Jul 10, 2006
In May, the United Nations Committee against Torture issued an 11-page report, documenting U.S. policies and methods of torture used against detainees around the world.
The report harshly condemned the torture and degrading treatment of detainees at Guantanamo, Abu Ghraib and numerous other prisons in Iraq and Afghanistan. It called for the investigation of senior military and civilian officials for their complicity in authorizing inhumane techniques, for the closing of Guantanamo, and for an end to secret prison sites in other countries.
When the report first came out, the U.S. media covered this part of the report. But this was only half the report. There was no mention of the other half, pointing to brutal treatment, often amounting to torture, of prison inmates right here in the United States. Other than a brief mention on BBC ... not a word on radio, TV or in newspapers. Not a squeak from politicians who have access to the full report.
The report had an extensive list:
1. It pointed to the Chicago Police Department for acts of torture and degrading treatment of prisoners by law enforcement personnel and called for prompt investigation.
2. It criticized authorities for allowing rape and sexual assaults against inmates, commonplace in detention facilities across the country.

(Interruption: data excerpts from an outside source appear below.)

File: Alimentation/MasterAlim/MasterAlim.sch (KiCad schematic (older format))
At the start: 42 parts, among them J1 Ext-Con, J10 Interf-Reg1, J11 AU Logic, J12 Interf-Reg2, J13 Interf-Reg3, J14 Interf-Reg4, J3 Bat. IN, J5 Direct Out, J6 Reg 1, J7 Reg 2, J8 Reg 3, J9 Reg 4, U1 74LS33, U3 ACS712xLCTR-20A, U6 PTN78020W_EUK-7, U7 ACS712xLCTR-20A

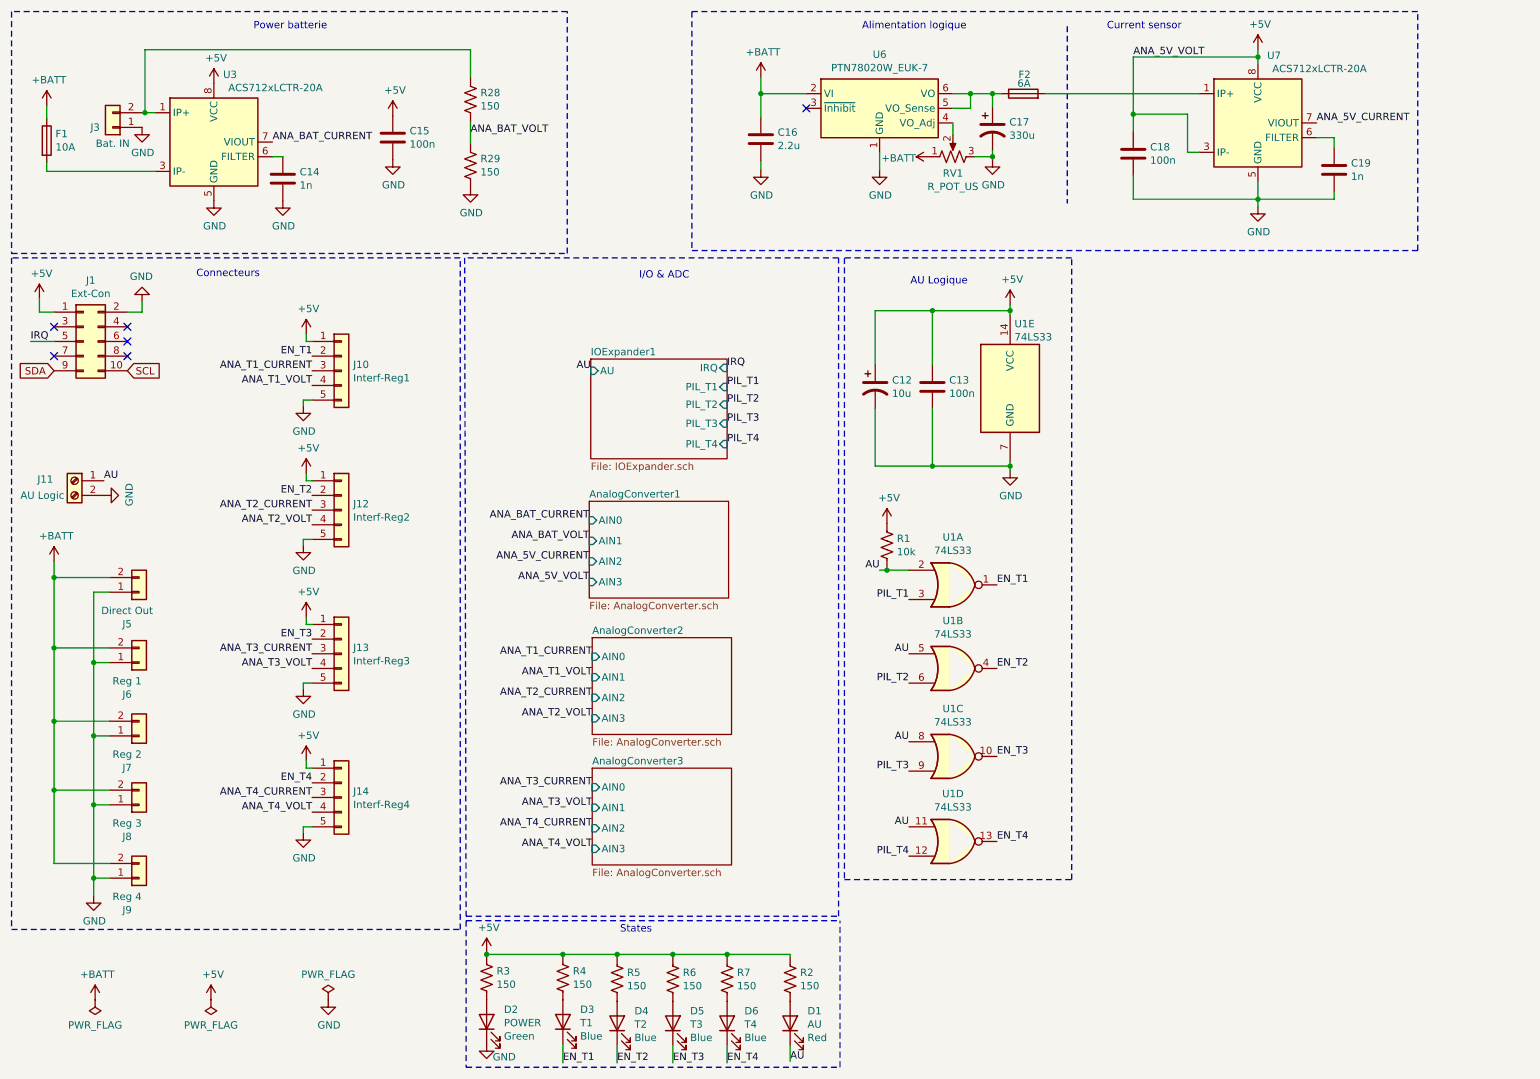
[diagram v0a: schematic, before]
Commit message: Dimensionnement et récupération des part LCSC
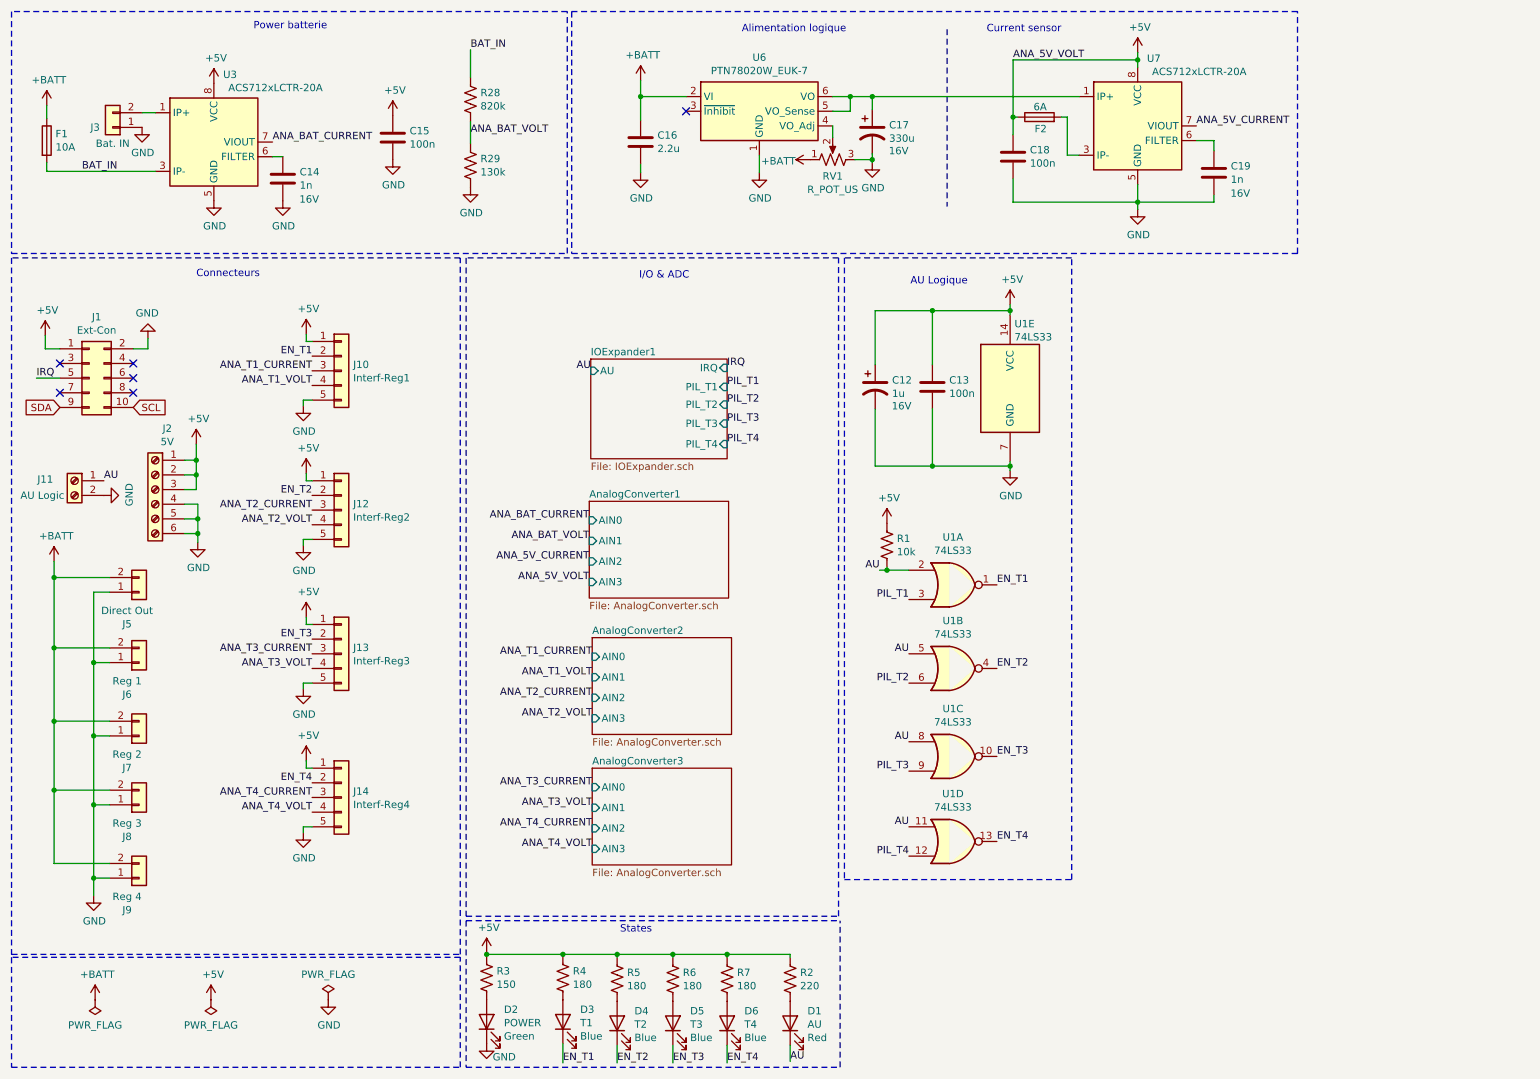
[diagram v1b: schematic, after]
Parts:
- added J2: 5V, TerminalBlock_Phoenix:TerminalBlock_Phoenix_MPT-0,5-6-2.54_1x06_P2.54mm_Horizontal, symbol Connector:Screw_Terminal_01x06
- C12: value 10u -> 1u; footprint (none) -> Capacitor_SMD:CP_Elec_4x5.3; LCSC Part (none) -> C249445; Tension (none) -> 16V
- C13, C15, C18: footprint Capacitor_SMD:C_0805_2012Metric -> Capacitor_SMD:C_0805_2012Metric_Pad1.18x1.45mm_HandSolder; LCSC Part (none) -> C28233
- C14: footprint (none) -> Capacitor_SMD:C_0603_1608Metric_Pad1.08x0.95mm_HandSolder; LCSC (none) -> C163169; Tension (none) -> 16V
- C16: footprint (none) -> Capacitor_SMD:C_0805_2012Metric_Pad1.18x1.45mm_HandSolder; LCSC Part (none) -> C508857; Tension (none) -> 50V
- C17: footprint (none) -> Capacitor_SMD:CP_Elec_10x10; LCSC Part (none) -> C249905; Tension (none) -> 16V
- C19: footprint (none) -> Capacitor_SMD:C_0603_1608Metric_Pad1.08x0.95mm_HandSolder; LCSC Part (none) -> C163169; Tension (none) -> 16V
- D1: LCSC Part (none) -> C72037
- D2: LCSC Part (none) -> C205442
- D3, D4, D5, D6: LCSC Part (none) -> C205441
- F1, F2, J1, J11, J3, J5, J6, J7, J8, J9, U1: JLCPCB BOM (none) -> 0
- J10, J12, J13, J14: footprint Connector_JST:JST_EH_S5B-EH_1x05_P2.50mm_Horizontal -> Connector_JST:JST_PH_B5B-PH-K_1x05_P2.00mm_Vertical; JLCPCB BOM (none) -> 0
- R1: footprint Resistor_SMD:R_0805_2012Metric -> Resistor_SMD:R_0805_2012Metric_Pad1.20x1.40mm_HandSolder; LCSC Part (none) -> C17414
- R2: value 150 -> 220; footprint Resistor_SMD:R_0805_2012Metric -> Resistor_SMD:R_0805_2012Metric_Pad1.20x1.40mm_HandSolder; LCSC Part (none) -> C417010
- R28: value 150 -> 820k; footprint Resistor_SMD:R_0805_2012Metric -> Resistor_SMD:R_0805_2012Metric_Pad1.20x1.40mm_HandSolder; LCSC Part (none) -> C334983
- R29: value 150 -> 130k; footprint Resistor_SMD:R_0805_2012Metric -> Resistor_SMD:R_0805_2012Metric_Pad1.20x1.40mm_HandSolder; LCSC Part (none) -> C25617
- R3: footprint Resistor_SMD:R_0805_2012Metric -> Resistor_SMD:R_0805_2012Metric_Pad1.20x1.40mm_HandSolder; LCSC Part (none) -> C17471
- R4, R5, R6, R7: value 150 -> 180; footprint Resistor_SMD:R_0805_2012Metric -> Resistor_SMD:R_0805_2012Metric_Pad1.20x1.40mm_HandSolder; LCSC Part (none) -> C168485
- RV1: footprint Potentiometer_THT:Potentiometer_Bourns_3299Y_Vertical -> Potentiometer_SMD:Potentiometer_Bourns_TC33X_Vertical; LCSC Part (none) -> C719177
- U6: footprint Module:Texas_EUK_R-PDSS-T7_THT -> ARIG:Texas_EUK_R-PDSS-T7_THT; JLCPCB BOM (none) -> 0
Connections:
- net +5V: now also F2.1, J2.1 (Pin_1), J2.2 (Pin_2), J2.3 (Pin_3); no longer U7.3 (IP-), U7.4 (IP-)
- net GND: now also J2.4 (Pin_4), J2.5 (Pin_5), J2.6 (Pin_6)
- net at J3.2 (Pin_2), U3.1 (IP+), U3.2 (IP+): no longer R28.1
- net at C17.1, U6.5 (VO_Sense), U6.6 (VO): now also U7.1 (IP+), U7.2 (IP+); no longer F2.1
- net BAT_IN: now reaches F1.2, U3.3 (IP-), U3.4 (IP-)
- net BAT_IN: now also R28.1
- new net: F2.2, U7.3 (IP-), U7.4 (IP-)
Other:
- moved on the sheet: C16, C17, C18, C19, F2, J1, RV1, U6, U7

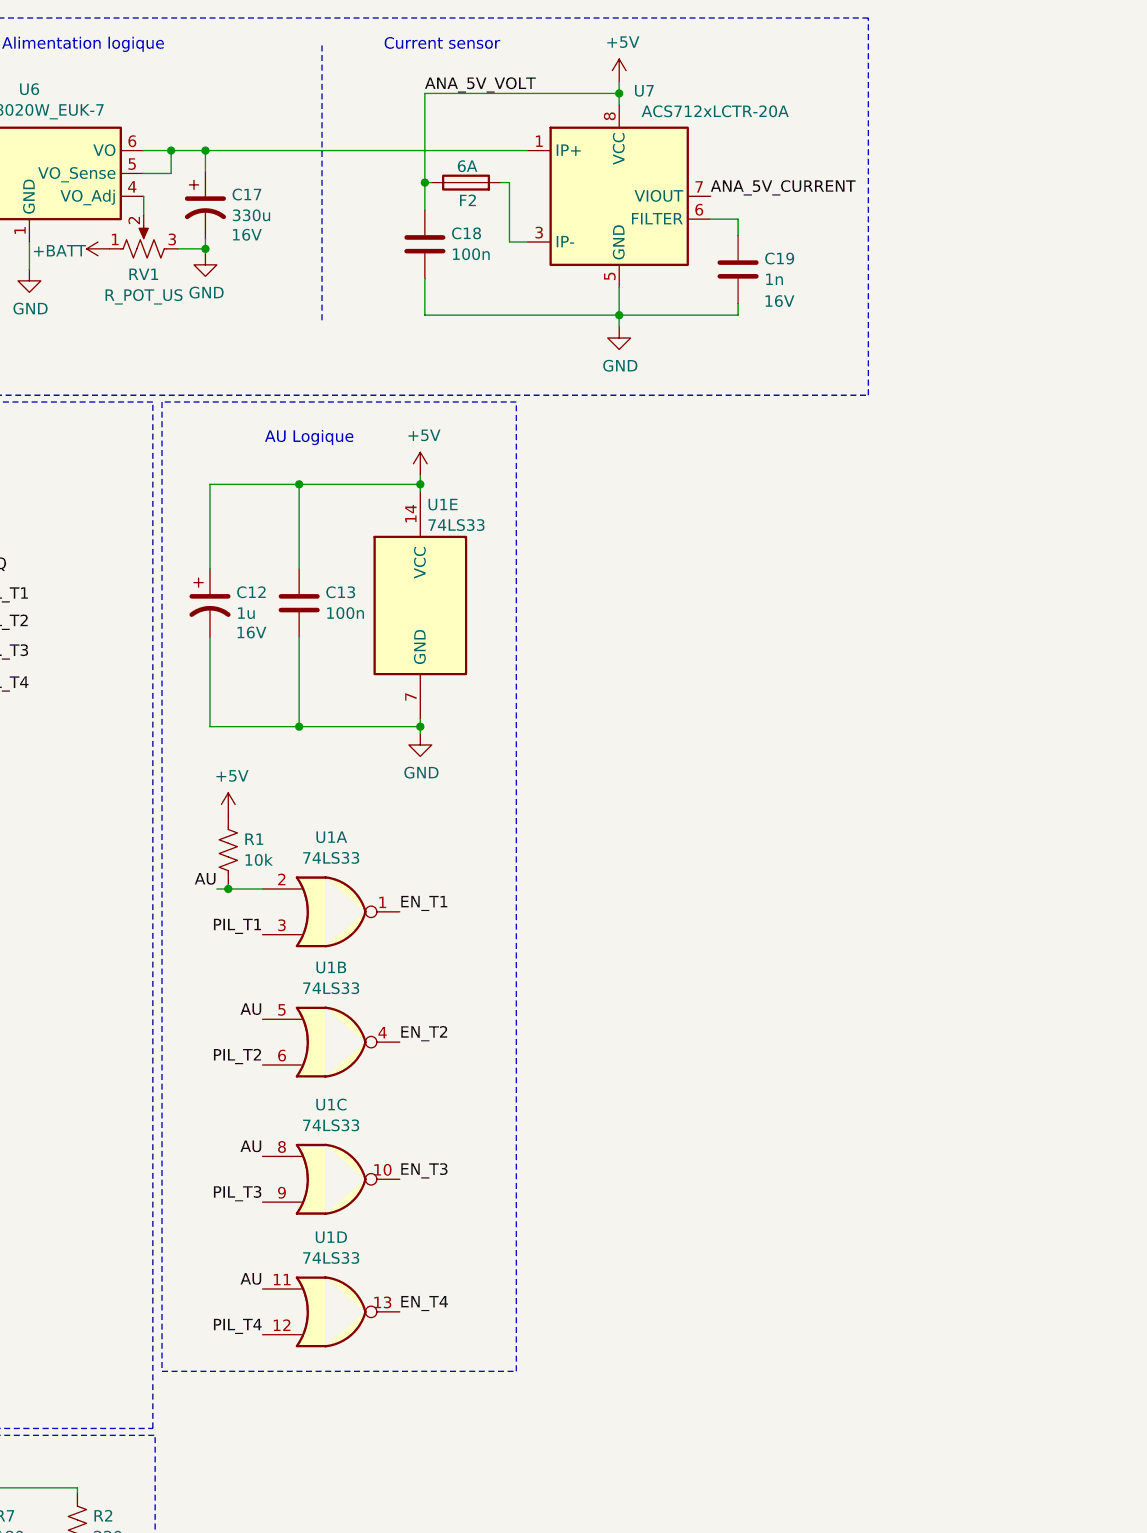
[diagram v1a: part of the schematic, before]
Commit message: Finalisation routage carte alim maitre
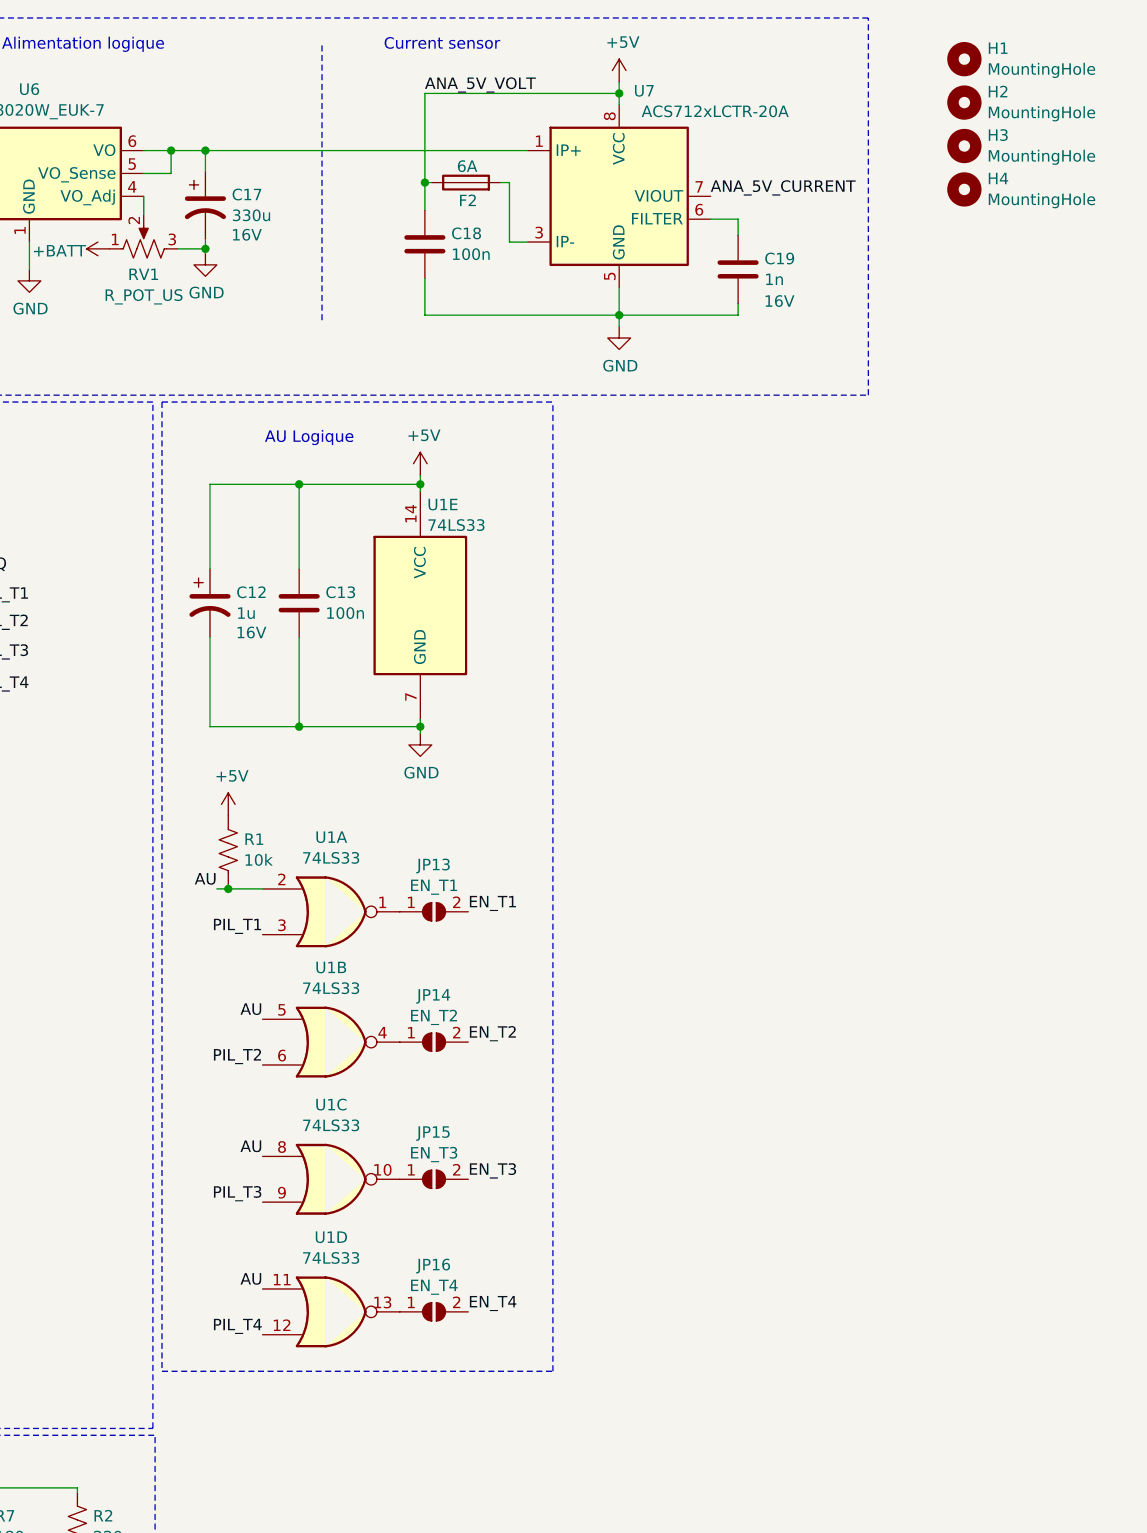
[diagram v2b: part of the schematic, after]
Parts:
- added H1, H2, H3, H4: MountingHole, MountingHole:MountingHole_3.2mm_M3, symbol Mechanical:MountingHole
- added JP13: EN_T1, Jumper:SolderJumper-2_P1.3mm_Open_RoundedPad1.0x1.5mm, symbol Jumper:SolderJumper_2_Open
- added JP14: EN_T2, Jumper:SolderJumper-2_P1.3mm_Open_RoundedPad1.0x1.5mm, symbol Jumper:SolderJumper_2_Open
- added JP15: EN_T3, Jumper:SolderJumper-2_P1.3mm_Open_RoundedPad1.0x1.5mm, symbol Jumper:SolderJumper_2_Open
- added JP16: EN_T4, Jumper:SolderJumper-2_P1.3mm_Open_RoundedPad1.0x1.5mm, symbol Jumper:SolderJumper_2_Open
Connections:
- net EN_T1: now also JP13.2 (B); no longer U1.1
- net EN_T2: now also JP14.2 (B); no longer U1.4
- net EN_T3: now also JP15.2 (B); no longer U1.10
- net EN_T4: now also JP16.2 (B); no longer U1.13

3. It pointed out that on all levels of detention – from immigration detention to pre-trial confinement to serving sentences in penitentiaries – “minorities, immigrants and persons of differing sexual orientation are particularly vulnerable” and meted out for violent and degrading treatment.
4. It criticized the practice in Supermax prisons of inmates being thrown into isolation cells for very long periods.
5. It described sexually humiliating treatment of women prisoners and denounced the shackling of women during childbirth.
6. It criticized the practice of putting children under 18 in with adult inmates during pre-trial and after-sentencing detention. And it showed that the U.S. is one of only a few countries which sentences large numbers of children to life imprisonment.
7. While the report did not take a stand against the death penalty, it condemned methods of execution, especially “lethal injections, as causing severe pain and suffering.”
No one believes the U.N. will do anything about U.S. government treatment of its own population. But the report at least demonstrates what many people in this country know: there is no “American dream,” only a nightmare for the poor.